Ok, next question...not related to remotes. I am losing picture quality going through my Tivo Series2. I have tried every config possible, but nothing is helping. Right now I just have the coax from the wall into the Tivo and coax into the TV. Certain stations with Tivo on or a bit fuzzy and hazy. When I put Tivo into standby and use the same connection through Tivo, just with Tivo turned off, this problem goes away. Any ideas on what causes this and what might be able to help eliminate this problem?


----------



## zclosser

Edmund said:


> SA tivo is short for Stand Alone tivo, which is what you have. Dtivo is short for Directivo, a combination Sat & tivo used with directv.
> 
> Try doing ebay search for HACC-TR2.


 I did a search on this remote and it specifies it is for DirecTV Tivo. Will it work with my SA Tivo?


----------



## Edmund

zclosser said:


> I did a search on this remote and it specifies it is for DirecTV Tivo. Will it work with my SA Tivo?


Yes, it will.

As for your signal problem, you should start a new thread.


----------



## gb33

Okay, so I grabbed the All For One 6131 and for the first few hours thought it was great, but my opinion has changed greatly and chances are it will be returned very shortly. I just hooked up my second sat feed into my Samsung 4080 and now when I hit the guide button (only on the 6131) it decides to switch tuners. Actually it did it for a couple days, then 2 days ago the guide button worked properly, and now it is back to switching between tuners. Also in TV (RCA F38310) mode it will switch inputs but will not go to the tuner, this too can be accessed no problem with the peanut remote. And lastly last night, out of nowhere the exit button decided it would change my television picture settings back to factory default, which I was VERY displeased about. Not to mention it does not have a list button on it to go to my recordings, again like the peanut has, this has become a very frustrating remote. I am leaning toward returning it and either getting another peanut off of ebat, or the silver/whitish universal remote that directv has. My main reason for 2 is because I like one by couch and chair, as well as the awful line of site the peanut and reciever have, it must be pointed 100% in line with reciever IR window or it won't do anything which is VERY frustrating and the exact opposite of my previous setup with built in DTV HD box of tv. Any help or suggestions would be greatly appreciated.


----------



## Edmund

If you read through this thread you know about advanced codes(EFC's), 3 digit codes for individual functions. The EFC for Guide is 150, list 166. to map them to a key on the 6131 follow these steps:

1. press PVR
2. press and hold SET for two blinks
3. enter 9-9-4
4. tap SET for one blink
5. enter advanced code
6. pick a key. 

I mentioned above about taking the remote apart and pushing emitter out further to geatly increase IR its performance.


----------



## gb33

Edmund- thanks for the tips on the advanced keys, but this does not explain why the remote decided that one day the guide button would now be a button to change between tuners. And it's not the 6131 that I have such a problem with the IR sensitivity, although it too is not that good, the bigger problem is the peanut remote. I think it is more the sensor in the recieving end at the DTivo unit itself. If it did this once with the guide key, why won't it do it again? Any ideas on the random TV functions that it decided to do? What do you know of the Directv universal remote? I saw in another thread you mentioned it was made by same people, but not "upgradeable", but if it does what I want, will that mater?


----------



## Edmund

The reason the Guide key on the 6131 started switching tuners on you, was because you used your peanut remote. See the preset Guide command using setup code PVR0618 is from a series 1 tivo, where you have a series 2 tivo. Series 1 tivos had a Guide/LiveTv key, the series 2 had separate Guide & Livetv keys. The tivo can get used to one or the other, but when you use both types of commands it gets confused. So once you map EFC 150 to the Guide key, the 6131 & peanut remote will emit the same command, no more confusion.

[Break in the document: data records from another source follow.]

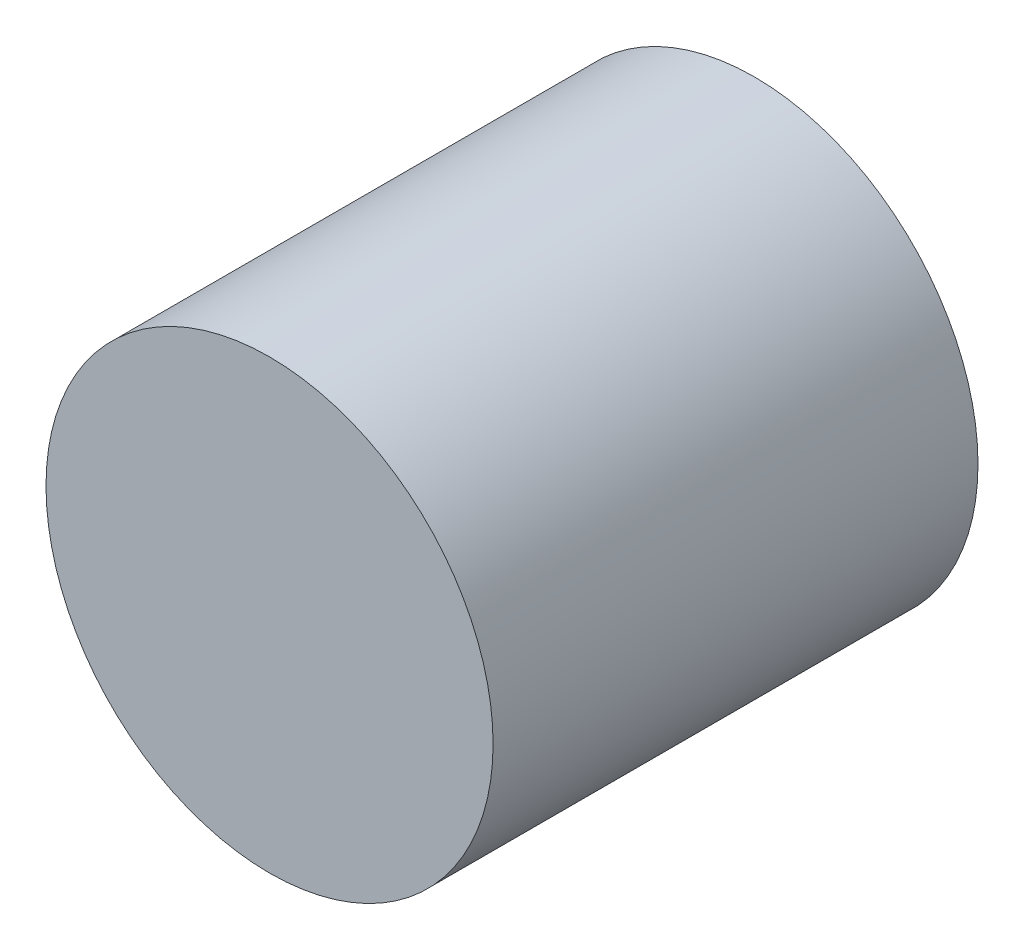
from build123d import *

# Parameters (mm, degrees)
SKETCH1_R           = 49.53
BOSS_EXTRUDE1_DEPTH = 107.442


with BuildPart() as part:
    # Sketch1 → Boss-Extrude1 (new body)
    with BuildSketch(Plane.XY):
        Circle(SKETCH1_R)
    extrude(amount=BOSS_EXTRUDE1_DEPTH)


solid = part.part
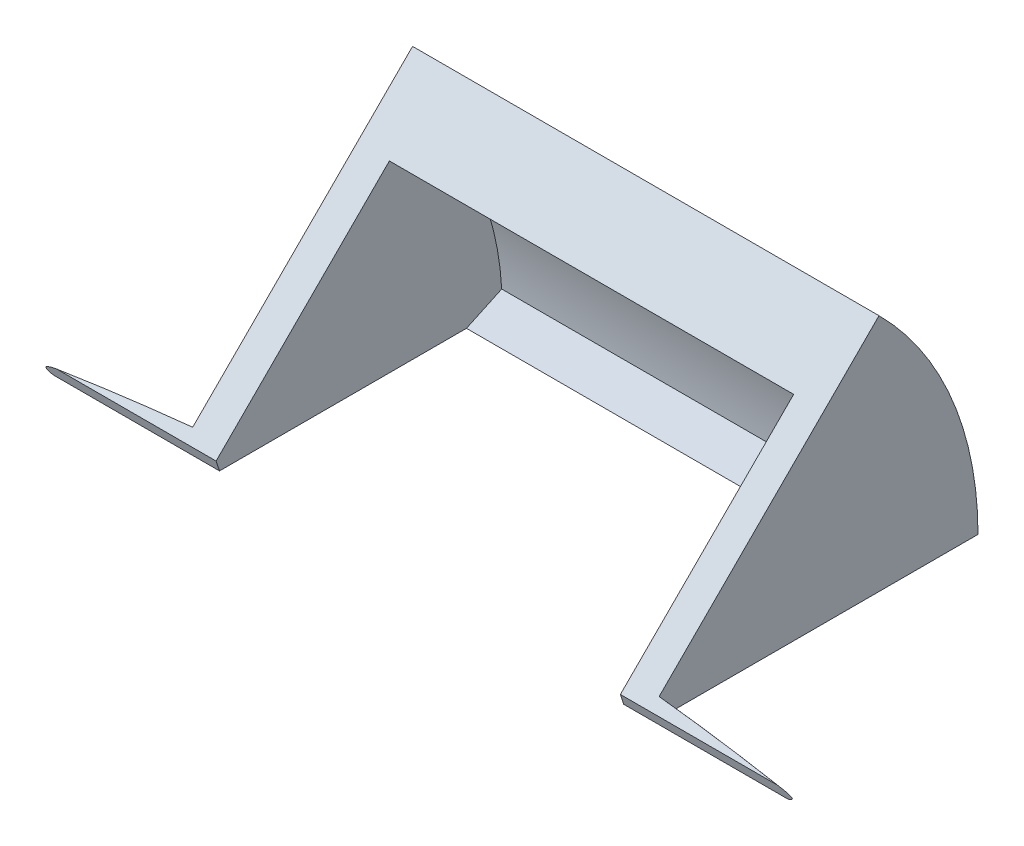
from build123d import *

# Parameters (mm, degrees)
REVOLVE1_ANGLE            = 45
CUT_REVOLVE_THIN3_START   = -65.672494398
CUT_REVOLVE_THIN3_DEPTH   = 132.08
CUT_REVOLVE_THIN3_START_2 = 59.247024
CUT_REVOLVE_THIN3_2_DEPTH = 7.160481602
EXTRUDE_THIN1_DEPTH       = 132.08
BOSS_EXTRUDE1_START       = 132.08
BOSS_EXTRUDE1_DEPTH       = 132.08
SKETCH12_R                = 990.316340453
CUT_EXTRUDE1_DEPTH        = 132.08
SKETCH14_W                = 3.086900102
SKETCH14_H                = 1.742063617
CUT_EXTRUDE5_DEPTH        = 2.54
SKETCH16_R                = 990.316340453
CUT_EXTRUDE6_DEPTH        = 351.028


# Read off the part's stored shape, not the designer's step: Cut-Revolve-Thin3
with BuildPart() as part:
    # Sketch1 → Revolve1 (revolve)
    with BuildSketch(Plane(origin=(0, 0, 0), x_dir=(1, 0, 0), z_dir=(0, 1, 0))):
        with BuildLine():
            Line((76.2, 994.033632479), (76.2, 1095.633632479))
            Line((76.2, 1095.633632479), (-76.2, 1095.633632479))
            Line((-76.2, 1095.633632479), (-76.2, 994.033632479))
            ThreePointArc((-76.2, 994.033632479), (-114.384675321, 990.366320384), (-152.4, 985.232735195))
            Line((-152.4, 985.232735195), (-102.9796946, 985.232735195))
            ThreePointArc((-102.9796946, 985.232735195), (0, 990.6), (102.9796946, 985.232735195))
            Line((102.9796946, 985.232735195), (152.4, 985.232735195))
            ThreePointArc((152.4, 985.232735195), (114.384675321, 990.366320384), (76.2, 994.033632479))
        make_face()
    revolve(axis=Axis((-102.9796946, 0, -985.232735195), (1, 0, 0)), revolution_arc=REVOLVE1_ANGLE)

    # Cut-Revolve-Thin3 outline → Cut-Revolve-Thin3 (cut)
    with BuildSketch(Plane.YZ.offset(CUT_REVOLVE_THIN3_START)):
        with BuildLine():
            ThreePointArc((0, -1082.04), (37.046536374, -1074.670985747), (68.453073412, -1053.685808607))
            Line((68.453073412, -1053.685808607), (2.371248163, -987.603983358))
            ThreePointArc((2.371248163, -987.603983358), (1.283310258, -988.330920225), (0, -988.586186506))
            Line((0, -988.586186506), (0, -1082.04))
        make_face()
    extrude(amount=CUT_REVOLVE_THIN3_DEPTH, mode=Mode.SUBTRACT)

    # Cut-Revolve-Thin3 2 outline → Cut-Revolve-Thin3 2 (cut)
    with BuildSketch(Plane.YZ.offset(CUT_REVOLVE_THIN3_START_2)):
        with BuildLine():
            ThreePointArc((0, -988.586186506), (1.283310258, -988.330920225), (2.371248163, -987.603983358))
            Line((2.371248163, -987.603983358), (2.337863382, -987.570598578))
            ThreePointArc((2.337863382, -987.570598578), (1.265242545, -988.287300908), (0, -988.538973298))
            Line((0, -988.538973298), (0, -988.586186506))
        make_face()
    extrude(amount=CUT_REVOLVE_THIN3_2_DEPTH, mode=Mode.SUBTRACT)

    # Sketch5 → Extrude-Thin1 (add)
    with BuildSketch(Plane(origin=(-65.672494398, 0, 0), x_dir=(0, 0, -1), z_dir=(1, 0, 0))):
        Polygon((1082.04, 0), (1070.380989237, 0), (1081.891098133, 5.367251924), (1082.964548518, 3.065230145), (1081.838188837, 2.54), (1082.04, 2.54), align=None)
    extrude(amount=EXTRUDE_THIN1_DEPTH)

    # Sketch11 → Boss-Extrude1 (add)
    with BuildSketch(Plane.ZY.offset(-66.407505602).offset(BOSS_EXTRUDE1_START)):
        with BuildLine():
            Line((-1053.685808607, 68.453073412), (-1045.195024303, 59.962289107))
            Line((-1045.195024303, 59.962289107), (-1056.738187334, 65.258078683))
            ThreePointArc((-1056.738187334, 65.258078683), (-1055.230229553, 66.872993821), (-1053.685808607, 68.453073412))
        make_face()
    extrude(amount=-BOSS_EXTRUDE1_DEPTH)

    # Sketch12 → Cut-Extrude1 (cut)
    with BuildSketch(Plane(origin=(-65.672494398, 0, 0), x_dir=(0, 0, -1), z_dir=(1, 0, 0))):
        with Locations((48.724048718, -308.713234064)):
            Circle(SKETCH12_R)
    extrude(amount=-CUT_EXTRUDE1_DEPTH, mode=Mode.SUBTRACT)


with BuildPart() as cut_extrude1_piece_1:
    # of the separate pieces the step leaves, piece 1, a body of its own (cut_extrude1_pieces)
    add(part.part.solids().sort_by_distance((152.4, 0, -985.232735195))[0])

    # Sketch16 → Cut-Extrude6 (cut)
    with BuildSketch(Plane(origin=(-65.672494398, 0, 0), x_dir=(0, 0, -1), z_dir=(1, 0, 0))):
        with Locations((48.724048718, -308.713234064)):
            Circle(SKETCH16_R)
    extrude(amount=CUT_EXTRUDE6_DEPTH, mode=Mode.SUBTRACT)


with BuildPart() as cut_extrude1_piece_2:
    # of the separate pieces the step leaves, piece 2, a body of its own (cut_extrude1_pieces)
    add(part.part.solids().sort_by_distance((-65.672494398, 0, -988.586186506))[0])

    # Sketch14 → Cut-Extrude5 (cut)
    with BuildSketch(Plane.XZ):
        with Locations((-64.129044347, -987.715154698)):
            Rectangle(SKETCH14_W, SKETCH14_H)
    extrude(amount=-CUT_EXTRUDE5_DEPTH, mode=Mode.SUBTRACT)


solid = cut_extrude1_piece_1.part

Sorry, I don't have a RCA tv, you might check the EFc for setup code TV 0047 on www.hifi-remote.com

Stay away from the white DTv remote, it will have the same trouble with the Guide command, but in this instance, you won't be able tio use advanced codes to remedy it.


----------



## gb33

Edmund, I have tried but just don't think I can do it. This remote would be great if you want an ultra lightweight, cheap plastic feeling remote with awkward layout, and buttons that just do what they feel like when it feels like, such as completely resetting all tv video settings on all inputs of my television. Being able to change and "map" some keys is pretty neat, bt it is fairly complex and requires online research and perhaps some "modding" even. It has been nearly 2 weeks and it has been alot of ups and downs, but this most rescent resetting of my settings (once again) has really about gotten this remote an open item sticker and a new home.


----------



## Edmund

I hope you're happy with whatever remote you end up with.


----------



## Mollie

This thread has been so helpful. I did get the 6131 and everything is programming nicely except my Sony DVD-VCR player (SLV D300P). I've also tried programming it by entering just Sony DVD codes and just VCR codes.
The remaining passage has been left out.